Could you return every line of the material that contains the word "Delay"?

> Exercise materials
★ ★ ★ ★ ★

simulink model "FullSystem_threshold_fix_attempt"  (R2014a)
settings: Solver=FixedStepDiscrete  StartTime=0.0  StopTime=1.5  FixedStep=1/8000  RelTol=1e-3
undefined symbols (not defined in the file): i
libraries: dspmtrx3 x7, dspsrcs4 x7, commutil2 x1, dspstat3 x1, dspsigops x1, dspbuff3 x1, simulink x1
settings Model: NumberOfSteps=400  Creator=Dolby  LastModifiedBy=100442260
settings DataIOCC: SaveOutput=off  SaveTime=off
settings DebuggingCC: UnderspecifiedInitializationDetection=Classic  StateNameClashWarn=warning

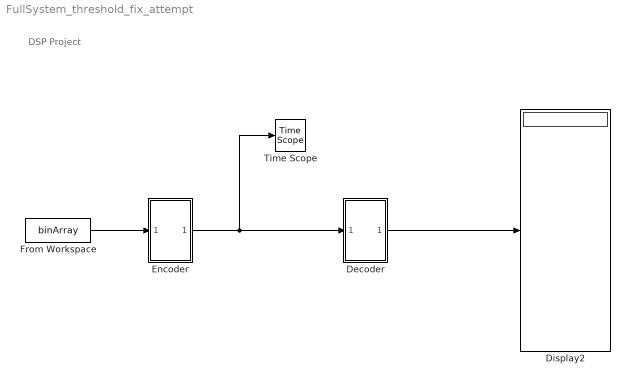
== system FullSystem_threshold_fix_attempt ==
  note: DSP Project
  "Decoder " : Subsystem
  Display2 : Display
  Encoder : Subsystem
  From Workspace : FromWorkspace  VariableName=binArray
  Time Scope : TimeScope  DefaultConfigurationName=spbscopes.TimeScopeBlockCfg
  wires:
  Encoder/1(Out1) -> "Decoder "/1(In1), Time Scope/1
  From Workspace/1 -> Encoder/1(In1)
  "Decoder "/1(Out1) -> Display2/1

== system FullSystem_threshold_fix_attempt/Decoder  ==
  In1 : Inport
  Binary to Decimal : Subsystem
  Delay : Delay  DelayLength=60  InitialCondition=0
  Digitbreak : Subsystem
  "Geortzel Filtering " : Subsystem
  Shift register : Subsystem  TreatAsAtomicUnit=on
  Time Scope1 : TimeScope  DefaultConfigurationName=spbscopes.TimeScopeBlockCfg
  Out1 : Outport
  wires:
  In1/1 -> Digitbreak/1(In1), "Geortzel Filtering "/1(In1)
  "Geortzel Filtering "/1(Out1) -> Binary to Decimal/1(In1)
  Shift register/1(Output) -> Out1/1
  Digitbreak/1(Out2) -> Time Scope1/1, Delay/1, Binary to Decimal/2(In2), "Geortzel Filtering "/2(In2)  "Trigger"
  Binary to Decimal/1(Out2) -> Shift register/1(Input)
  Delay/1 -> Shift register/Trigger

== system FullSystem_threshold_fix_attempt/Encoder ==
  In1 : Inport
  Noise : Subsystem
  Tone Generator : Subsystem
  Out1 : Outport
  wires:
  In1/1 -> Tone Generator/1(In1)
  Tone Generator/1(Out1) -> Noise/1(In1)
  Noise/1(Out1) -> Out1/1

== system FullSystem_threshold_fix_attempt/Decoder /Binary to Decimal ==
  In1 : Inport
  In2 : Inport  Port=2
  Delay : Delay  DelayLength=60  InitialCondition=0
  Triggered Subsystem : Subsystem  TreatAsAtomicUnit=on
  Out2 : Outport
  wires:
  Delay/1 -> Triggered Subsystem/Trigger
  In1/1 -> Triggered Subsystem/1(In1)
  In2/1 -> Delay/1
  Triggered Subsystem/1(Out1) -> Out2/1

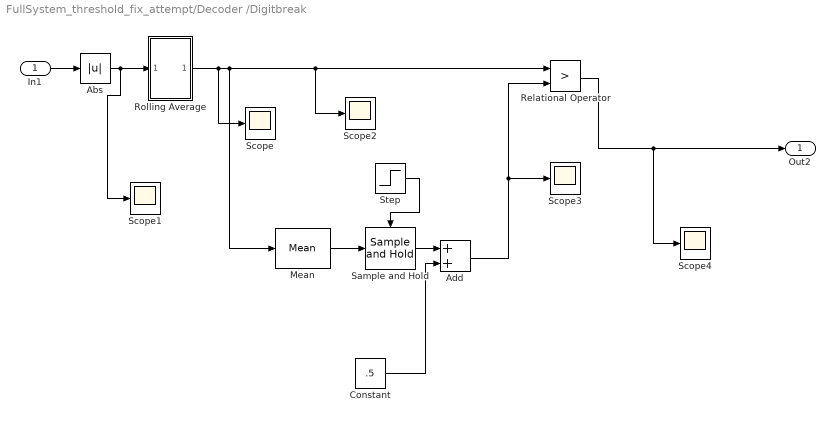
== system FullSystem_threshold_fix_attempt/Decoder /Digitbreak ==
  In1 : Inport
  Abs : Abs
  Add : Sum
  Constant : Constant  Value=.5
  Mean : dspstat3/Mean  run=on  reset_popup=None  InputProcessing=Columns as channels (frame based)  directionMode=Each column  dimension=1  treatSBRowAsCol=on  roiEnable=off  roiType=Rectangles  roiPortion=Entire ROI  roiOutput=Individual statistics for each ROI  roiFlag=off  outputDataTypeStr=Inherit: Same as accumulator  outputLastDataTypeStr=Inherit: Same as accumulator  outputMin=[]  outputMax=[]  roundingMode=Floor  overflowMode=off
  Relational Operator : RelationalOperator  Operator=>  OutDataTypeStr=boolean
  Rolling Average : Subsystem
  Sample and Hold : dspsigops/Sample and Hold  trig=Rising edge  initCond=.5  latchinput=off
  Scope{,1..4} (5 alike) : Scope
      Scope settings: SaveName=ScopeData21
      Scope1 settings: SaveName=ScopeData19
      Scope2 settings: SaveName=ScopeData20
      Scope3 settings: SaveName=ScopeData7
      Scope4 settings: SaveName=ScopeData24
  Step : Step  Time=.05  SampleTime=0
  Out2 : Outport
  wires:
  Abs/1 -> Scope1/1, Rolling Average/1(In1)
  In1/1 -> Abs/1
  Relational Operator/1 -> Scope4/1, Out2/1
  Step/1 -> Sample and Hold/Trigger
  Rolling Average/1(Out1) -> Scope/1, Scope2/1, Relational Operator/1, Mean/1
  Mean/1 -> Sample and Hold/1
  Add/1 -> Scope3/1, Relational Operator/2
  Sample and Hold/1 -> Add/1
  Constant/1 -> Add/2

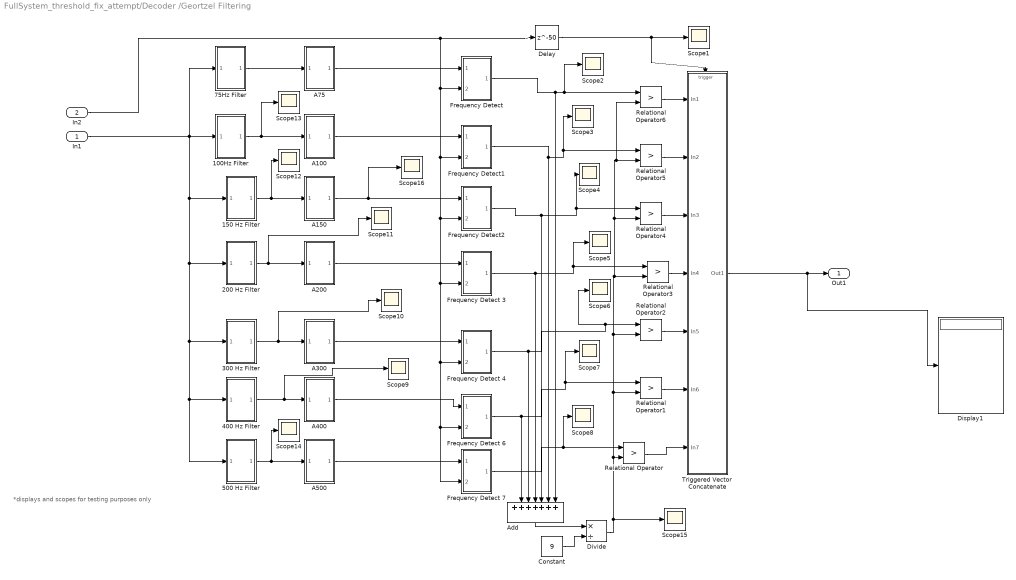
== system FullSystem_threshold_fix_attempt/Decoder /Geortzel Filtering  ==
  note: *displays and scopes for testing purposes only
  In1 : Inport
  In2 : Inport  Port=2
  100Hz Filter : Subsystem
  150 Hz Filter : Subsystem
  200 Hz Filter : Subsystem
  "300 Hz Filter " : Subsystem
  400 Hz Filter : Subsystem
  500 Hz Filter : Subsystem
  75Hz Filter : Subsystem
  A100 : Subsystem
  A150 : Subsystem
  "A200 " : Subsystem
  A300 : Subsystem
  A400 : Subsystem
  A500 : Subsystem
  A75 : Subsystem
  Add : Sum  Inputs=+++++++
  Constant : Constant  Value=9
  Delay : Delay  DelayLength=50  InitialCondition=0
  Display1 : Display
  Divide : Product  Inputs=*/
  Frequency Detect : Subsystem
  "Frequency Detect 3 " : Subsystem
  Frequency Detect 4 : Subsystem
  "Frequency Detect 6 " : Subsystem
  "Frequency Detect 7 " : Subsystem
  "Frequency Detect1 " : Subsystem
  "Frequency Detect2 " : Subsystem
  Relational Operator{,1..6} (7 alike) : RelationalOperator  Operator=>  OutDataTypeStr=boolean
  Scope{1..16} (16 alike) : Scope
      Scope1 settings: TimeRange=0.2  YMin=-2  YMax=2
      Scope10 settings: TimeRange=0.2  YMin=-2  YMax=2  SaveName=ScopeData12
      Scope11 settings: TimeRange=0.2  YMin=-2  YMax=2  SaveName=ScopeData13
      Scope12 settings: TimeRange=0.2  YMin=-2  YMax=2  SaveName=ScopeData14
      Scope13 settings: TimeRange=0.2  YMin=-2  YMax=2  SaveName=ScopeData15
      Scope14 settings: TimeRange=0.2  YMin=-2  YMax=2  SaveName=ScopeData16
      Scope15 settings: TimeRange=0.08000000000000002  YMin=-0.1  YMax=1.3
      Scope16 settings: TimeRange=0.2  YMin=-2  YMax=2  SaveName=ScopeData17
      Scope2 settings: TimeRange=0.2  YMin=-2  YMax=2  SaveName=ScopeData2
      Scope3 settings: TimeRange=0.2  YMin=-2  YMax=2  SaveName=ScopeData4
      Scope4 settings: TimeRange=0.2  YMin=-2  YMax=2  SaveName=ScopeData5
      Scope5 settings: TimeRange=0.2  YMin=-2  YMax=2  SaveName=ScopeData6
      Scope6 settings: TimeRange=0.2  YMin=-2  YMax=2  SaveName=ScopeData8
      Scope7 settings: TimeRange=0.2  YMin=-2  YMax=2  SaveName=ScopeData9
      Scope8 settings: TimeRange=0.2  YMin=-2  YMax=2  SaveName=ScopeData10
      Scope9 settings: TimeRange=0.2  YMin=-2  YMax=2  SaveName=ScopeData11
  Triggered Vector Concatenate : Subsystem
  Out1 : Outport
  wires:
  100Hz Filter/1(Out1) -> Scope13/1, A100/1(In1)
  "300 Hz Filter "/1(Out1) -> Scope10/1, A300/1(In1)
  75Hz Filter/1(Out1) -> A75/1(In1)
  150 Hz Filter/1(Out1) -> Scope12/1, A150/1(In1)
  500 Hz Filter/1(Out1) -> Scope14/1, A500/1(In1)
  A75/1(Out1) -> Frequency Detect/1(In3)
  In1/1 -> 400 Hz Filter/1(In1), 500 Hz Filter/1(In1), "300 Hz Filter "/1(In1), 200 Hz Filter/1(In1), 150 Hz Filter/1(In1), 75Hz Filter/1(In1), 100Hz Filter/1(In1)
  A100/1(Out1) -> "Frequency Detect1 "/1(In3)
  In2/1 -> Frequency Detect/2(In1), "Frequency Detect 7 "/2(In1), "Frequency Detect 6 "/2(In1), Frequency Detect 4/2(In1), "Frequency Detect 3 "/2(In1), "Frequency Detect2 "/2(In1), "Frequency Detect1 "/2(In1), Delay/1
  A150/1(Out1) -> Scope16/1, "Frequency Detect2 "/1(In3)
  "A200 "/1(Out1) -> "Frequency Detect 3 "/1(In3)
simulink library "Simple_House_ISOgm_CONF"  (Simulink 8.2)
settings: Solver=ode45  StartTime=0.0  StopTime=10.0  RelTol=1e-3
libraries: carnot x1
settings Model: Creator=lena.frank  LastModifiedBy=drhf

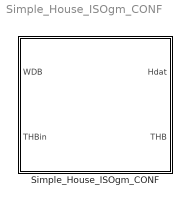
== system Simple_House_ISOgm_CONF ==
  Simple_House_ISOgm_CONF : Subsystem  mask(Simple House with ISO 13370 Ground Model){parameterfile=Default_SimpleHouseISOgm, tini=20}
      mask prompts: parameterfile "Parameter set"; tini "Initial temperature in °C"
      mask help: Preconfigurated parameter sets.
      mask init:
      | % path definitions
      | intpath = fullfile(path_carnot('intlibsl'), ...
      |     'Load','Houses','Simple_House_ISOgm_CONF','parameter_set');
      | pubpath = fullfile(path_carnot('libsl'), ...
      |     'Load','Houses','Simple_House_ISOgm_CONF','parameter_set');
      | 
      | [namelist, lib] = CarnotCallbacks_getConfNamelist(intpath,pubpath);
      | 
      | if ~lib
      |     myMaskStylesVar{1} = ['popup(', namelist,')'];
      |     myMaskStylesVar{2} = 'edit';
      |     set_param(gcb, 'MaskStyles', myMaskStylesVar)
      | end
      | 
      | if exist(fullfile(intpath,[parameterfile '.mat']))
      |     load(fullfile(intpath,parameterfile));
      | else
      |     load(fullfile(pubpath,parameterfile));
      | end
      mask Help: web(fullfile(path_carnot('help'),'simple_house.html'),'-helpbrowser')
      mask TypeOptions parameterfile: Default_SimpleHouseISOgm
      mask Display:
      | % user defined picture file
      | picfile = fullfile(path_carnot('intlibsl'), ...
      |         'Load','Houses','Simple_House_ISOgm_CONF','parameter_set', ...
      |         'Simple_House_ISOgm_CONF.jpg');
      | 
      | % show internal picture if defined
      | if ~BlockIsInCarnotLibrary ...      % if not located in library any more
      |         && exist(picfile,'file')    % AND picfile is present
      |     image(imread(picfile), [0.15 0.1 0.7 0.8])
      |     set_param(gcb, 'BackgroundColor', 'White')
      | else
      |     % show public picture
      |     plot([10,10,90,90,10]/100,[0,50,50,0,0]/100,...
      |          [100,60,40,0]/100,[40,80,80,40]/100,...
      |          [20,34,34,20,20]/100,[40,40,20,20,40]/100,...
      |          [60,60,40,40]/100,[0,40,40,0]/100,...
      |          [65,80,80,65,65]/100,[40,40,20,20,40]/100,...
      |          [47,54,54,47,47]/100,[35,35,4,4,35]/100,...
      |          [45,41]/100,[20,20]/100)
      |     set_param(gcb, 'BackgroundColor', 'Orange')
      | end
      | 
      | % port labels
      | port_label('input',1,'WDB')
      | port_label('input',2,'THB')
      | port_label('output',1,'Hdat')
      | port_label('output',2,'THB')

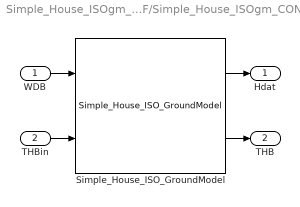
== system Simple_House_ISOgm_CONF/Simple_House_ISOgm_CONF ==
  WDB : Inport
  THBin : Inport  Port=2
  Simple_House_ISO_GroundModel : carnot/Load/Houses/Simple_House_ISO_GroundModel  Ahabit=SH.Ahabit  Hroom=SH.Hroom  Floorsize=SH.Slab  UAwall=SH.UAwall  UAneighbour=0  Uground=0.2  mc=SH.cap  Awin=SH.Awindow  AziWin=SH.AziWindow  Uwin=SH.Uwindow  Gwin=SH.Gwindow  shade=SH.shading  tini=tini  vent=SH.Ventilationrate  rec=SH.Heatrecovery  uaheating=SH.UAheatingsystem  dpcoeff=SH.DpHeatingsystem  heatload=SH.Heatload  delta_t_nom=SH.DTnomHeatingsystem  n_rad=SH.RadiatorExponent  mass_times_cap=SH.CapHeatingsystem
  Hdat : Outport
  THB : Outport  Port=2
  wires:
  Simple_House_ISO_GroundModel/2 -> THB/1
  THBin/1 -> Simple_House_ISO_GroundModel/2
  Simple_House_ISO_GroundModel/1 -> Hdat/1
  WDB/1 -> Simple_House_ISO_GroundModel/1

★ ★ ★ ★ ★

> Solution to this exercise
  Delay : Delay  DelayLength=60  InitialCondition=0
  Digitbreak/1(Out2) -> Time Scope1/1, Delay/1, Binary to Decimal/2(In2), "Geortzel Filtering "/2(In2)  "Trigger"
  Delay/1 -> Shift register/Trigger
  Delay : Delay  DelayLength=60  InitialCondition=0
  Delay/1 -> Triggered Subsystem/Trigger
  In2/1 -> Delay/1
  Delay : Delay  DelayLength=50  InitialCondition=0
  In2/1 -> Frequency Detect/2(In1), "Frequency Detect 7 "/2(In1), "Frequency Detect 6 "/2(In1), Frequency Detect 4/2(In1), "Frequency Detect 3 "/2(In1), "Frequency Detect2 "/2(In1), "Frequency Detect1 "/2(In1), Delay/1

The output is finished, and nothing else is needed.